Вздрогнул, когда на лавочку уселся пожилой ливанец в грязной несвежей одежде.
– *** … – обратился он ко мне на диковинном языке, больше смахивающем на говор индейцев Майя.
– Моя твою не понимать… – изможденно развел руками, выдохнув с глухим рваным свистом.
Судя по всему, отделаться легкими ушибами не удалось. Внутренности горели огнем, будто их жарили на раскаленной сковороде.
– *** … – настойчивее добавил бомж, протягивая мне руку.
Вонючий лондонский бездомный приглашал в упоительное путешествие на самое дно моей никчемной жизни. Прости, Максим Горький, но я действительно в прямом и переносном смысле оказался «на дне».
Старый ливанец помог мне подняться и, прихрамывая, как два раненных солдата, мы поплелись вперед по освещенной пустынной улице.

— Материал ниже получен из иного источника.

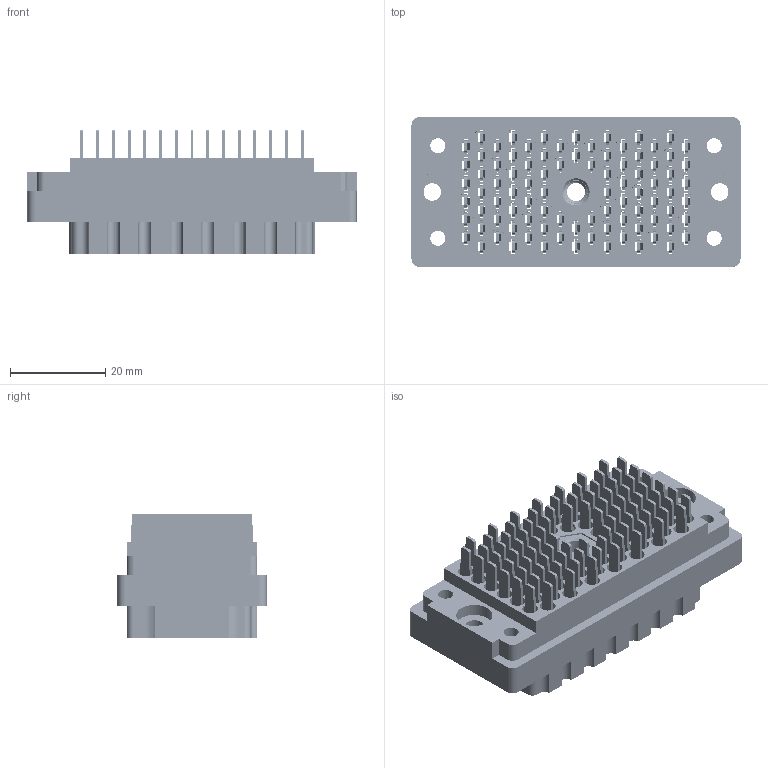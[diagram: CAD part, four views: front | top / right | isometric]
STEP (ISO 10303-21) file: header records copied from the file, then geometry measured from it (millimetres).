
FILE_DESCRIPTION (( 'STEP AP203' ), '1' );
FILE_NAME ('516-090-501-406.STEP', '2020-09-08T18:00:51', ( '' ), ( '' ), 'SwSTEP 2.0', 'SolidWorks 2020', '' );
FILE_SCHEMA (( 'CONFIG_CONTROL_DESIGN' ));
Length unit declared in the file: inch
Products named in the file (4): 516-292-001_501 Contact; 516-090-501-406; 516-252-095-100; 516 Part Receptacle_090
Assembly tree (93 placements, depth 2):
  516-090-501-406
    516 Part Receptacle_090
    516-292-001_501 Contact  x91
    516-252-095-100
Bounding box: 69.04 x 31.34 x 26.21 mm (x, y, z)
Volume: 23670.1 mm3; surface area: 46854.6 mm2
Topology: 93 solids, 93 shells, 8527 faces, 24775 edges, 16453 vertices
Faces by surface type: plane 5117, cylinder 2846, bspline 552, cone 12
Entity records: 74163 total; most frequent: CARTESIAN_POINT 14520, ORIENTED_EDGE 12110, DIRECTION 11770, EDGE_CURVE 6055, VECTOR 4438, LINE 4438, VERTEX_POINT 4033, AXIS2_PLACEMENT_3D 3666

Каждый шаг давался с титаническим трудом, я еле сдерживался, чтобы не застонать от распиравшей ноющей боли в грудине. Неожиданно новый друг радостно улыбнулся, похлопав меня по плечу. Он указал на подсвеченную неоновую вывеску в конце улицы.
– Приют для бездомных…
До хруста стиснул пальцы, стараясь не расчувствоваться, как кисейная барышня. Он помог мне дойти до приюта, какая ирония! Только сейчас дошло, что, несмотря на жизнь в роскошном рублевском особняке, у меня никогда не было дома в широком смысле этого слова.
Ливанец продолжал что-то мне втирать, но вместо ответа я тихонько запел:
Беженец хрюкнул, принимаясь энергично стучать грязными ладонями, и тогда я заорал на всю улицу:
– *** – бурно аплодируя, мой спутник начал пританцовывать.
Вот такой странный дуэт – два бездомных посреди пустынной улицы корчились от смеха со слезами на глазах.
Ливанец тихонько отварил скрипучую дверь, помогая мне пройти в просторное темное помещение приюта с десятками железных коек по периметру.
В это мгновение силы окончательно покинули. Я упал на одну из них, отвернулся к стене, закусив губу до крови, чтобы никто не услышал сдавленные булькающие звуки, доносящиеся из горла.
⁂
Кто-то ласково перебирал пальцами мои волосы, и на душе стало очень легко. Открыв глаза, я улыбнулся.
– Мама?!
– Прости меня, сынок… – проворковала статная темноволосая женщина с мертвецки бледным лицом.
Мерцающие блики луны запутались в тяжелых черных волосах посетительницы. Она с любопытством наблюдала за мной, сидя на тумбочке возле кровати.
– За что?! Я никогда не держал на тебя зла… – мурашки выплясывали тектоник на моей пояснице и плечах.
– Я знаю, ты дулся на меня из-за имени.
– Ах, это… Ну, любой бы на моем месте обиделся за такое имечко. В начальной школе меня даже дразнили… – пробормотал с наигранной досадой в голосе.
– Я с первых месяцев читала Русланчику сказку «О царе Салтане». Его сын, князь Гвидон, из-за козней злых тёток попал на необитаемый остров. К счастью, он встретил там волшебницу – царевну Лебедь. С её помощью князь стал могущественным владыкой и воссоединился с отцом.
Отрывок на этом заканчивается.